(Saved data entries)
※ ※ ※
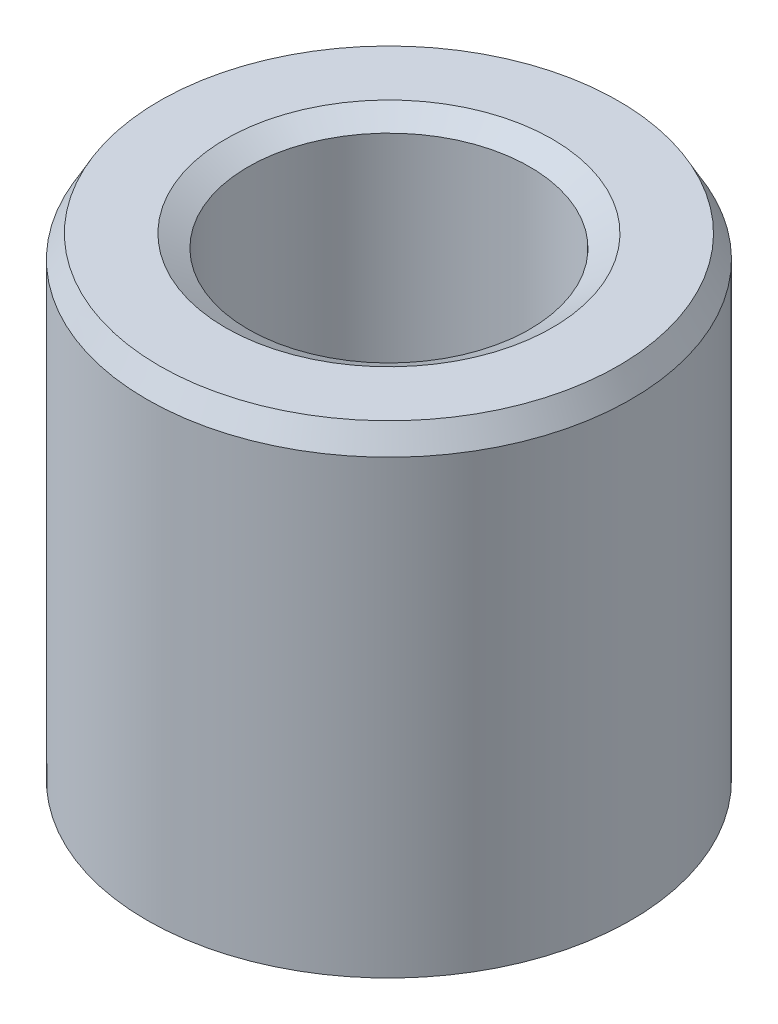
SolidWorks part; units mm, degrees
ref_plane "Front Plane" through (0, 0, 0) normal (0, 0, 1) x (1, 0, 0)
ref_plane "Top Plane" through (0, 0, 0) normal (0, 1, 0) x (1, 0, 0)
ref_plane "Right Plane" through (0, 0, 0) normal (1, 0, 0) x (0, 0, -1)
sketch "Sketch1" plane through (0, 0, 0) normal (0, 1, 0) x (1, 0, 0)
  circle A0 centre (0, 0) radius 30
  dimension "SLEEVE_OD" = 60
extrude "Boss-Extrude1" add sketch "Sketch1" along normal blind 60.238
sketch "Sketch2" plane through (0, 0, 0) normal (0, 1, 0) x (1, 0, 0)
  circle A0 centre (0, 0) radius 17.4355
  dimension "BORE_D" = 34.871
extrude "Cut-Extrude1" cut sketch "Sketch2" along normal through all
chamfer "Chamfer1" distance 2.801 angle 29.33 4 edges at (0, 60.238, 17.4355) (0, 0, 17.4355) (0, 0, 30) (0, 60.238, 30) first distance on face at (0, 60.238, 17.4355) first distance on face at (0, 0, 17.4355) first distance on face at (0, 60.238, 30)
※ ※ ※
■ **THE TASK**: Quote the data above in full and without alteration; skip the pictures.

■ **TASK RESPONSE**:
SolidWorks part; units mm, degrees
ref_plane "Front Plane" through (0, 0, 0) normal (0, 0, 1) x (1, 0, 0)
ref_plane "Top Plane" through (0, 0, 0) normal (0, 1, 0) x (1, 0, 0)
ref_plane "Right Plane" through (0, 0, 0) normal (1, 0, 0) x (0, 0, -1)
sketch "Sketch1" plane through (0, 0, 0) normal (0, 1, 0) x (1, 0, 0)
  circle A0 centre (0, 0) radius 30
  dimension "SLEEVE_OD" = 60
extrude "Boss-Extrude1" add sketch "Sketch1" along normal blind 60.238
sketch "Sketch2" plane through (0, 0, 0) normal (0, 1, 0) x (1, 0, 0)
  circle A0 centre (0, 0) radius 17.4355
  dimension "BORE_D" = 34.871
extrude "Cut-Extrude1" cut sketch "Sketch2" along normal through all
chamfer "Chamfer1" distance 2.801 angle 29.33 4 edges at (0, 60.238, 17.4355) (0, 0, 17.4355) (0, 0, 30) (0, 60.238, 30) first distance on face at (0, 60.238, 17.4355) first distance on face at (0, 0, 17.4355) first distance on face at (0, 60.238, 30)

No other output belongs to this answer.